The Politics of SALT

(Joshua Roberts/Reuters)

Before skipping town on Thursday afternoon, the House of Representatives passed a bill to lift the $10,000 cap on state and local income taxes (SALT) that may be deducted from income for federal tax purposes.

The cap, which was imposed with the passage of the 2017 Tax Cuts and Jobs Act, would be raised in 2019 and eliminated in 2020 and 2021. The bill would also raise the top tax rate from 37 percent to 39.6 percent for six years in order to pay for two years of eliminating the cap.

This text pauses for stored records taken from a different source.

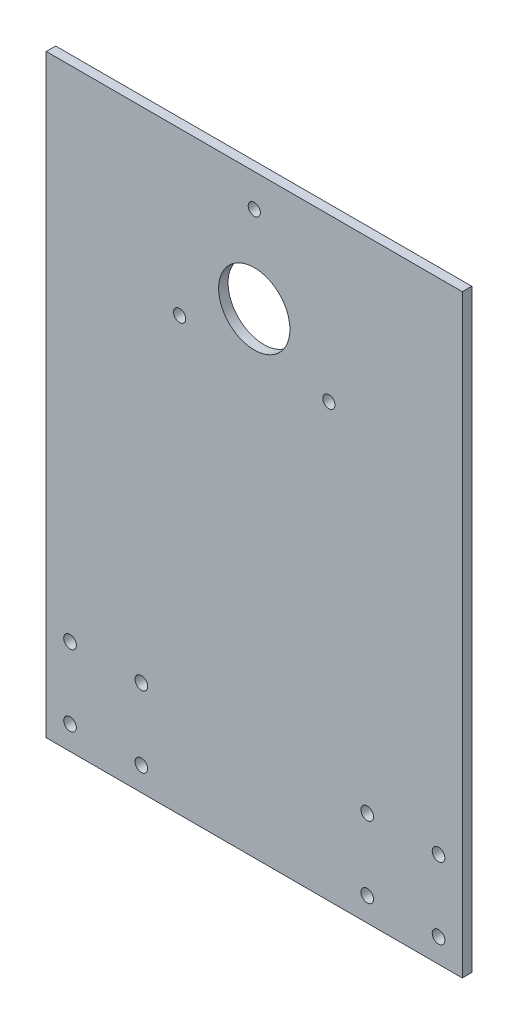
from build123d import *

# Parameters (mm, degrees)
SKETCH1_W           = 140
SKETCH1_H           = 200
SKETCH1_R           = 2.05
SKETCH1_R_2         = 12
SKETCH1_R_3         = 2.125
BOSS_EXTRUDE1_DEPTH = 3.175


with BuildPart() as part:
    # Sketch1 → Boss-Extrude1 (new body)
    with BuildSketch(Plane.XY):
        Rectangle(SKETCH1_W, SKETCH1_H)
        with Locations((0, 89)):
            Circle(SKETCH1_R, mode=Mode.SUBTRACT)
        with Locations((25.11473671, 45.5)):
            Circle(SKETCH1_R, mode=Mode.SUBTRACT)
        with Locations((-25.11473671, 45.5)):
            Circle(SKETCH1_R, mode=Mode.SUBTRACT)
        with Locations((0, 60)):
            Circle(SKETCH1_R_2, mode=Mode.SUBTRACT)
        with Locations((-62, -92)):
            Circle(SKETCH1_R_3, mode=Mode.SUBTRACT)
        with Locations((-38, -92)):
            Circle(SKETCH1_R_3, mode=Mode.SUBTRACT)
        with Locations((-38, -68)):
            Circle(SKETCH1_R_3, mode=Mode.SUBTRACT)
        with Locations((-62, -68)):
            Circle(SKETCH1_R_3, mode=Mode.SUBTRACT)
        with Locations((38, -92)):
            Circle(SKETCH1_R_3, mode=Mode.SUBTRACT)
        with Locations((62, -92)):
            Circle(SKETCH1_R_3, mode=Mode.SUBTRACT)
        with Locations((62, -68)):
            Circle(SKETCH1_R_3, mode=Mode.SUBTRACT)
        with Locations((38, -68)):
            Circle(SKETCH1_R_3, mode=Mode.SUBTRACT)
    extrude(amount=BOSS_EXTRUDE1_DEPTH)


solid = part.part

The measure passed 218–206, but there were more Democratic defectors than GOP supporters. The five Republicans who supported it were all from high-tax districts in New York, New Jersey, or Pennsylvania, while the 16 Democrats mostly represented states with a low cost of living (such as Oklahoma or Utah) or states that don’t levy an income tax (such as Nevada or New Hampshire). A few staunch left-wingers, including Alexandria Ocasio-Cortez of New York and Mark Pocan of Wisconsin, also opposed the measure. 

The bill won’t go anywhere in the Republican Senate in 2020, and the number of Democratic defections suggest that whatever SALT relief a unified Democratic Congress might pass in the future would be more limited than what the House passed on Thursday.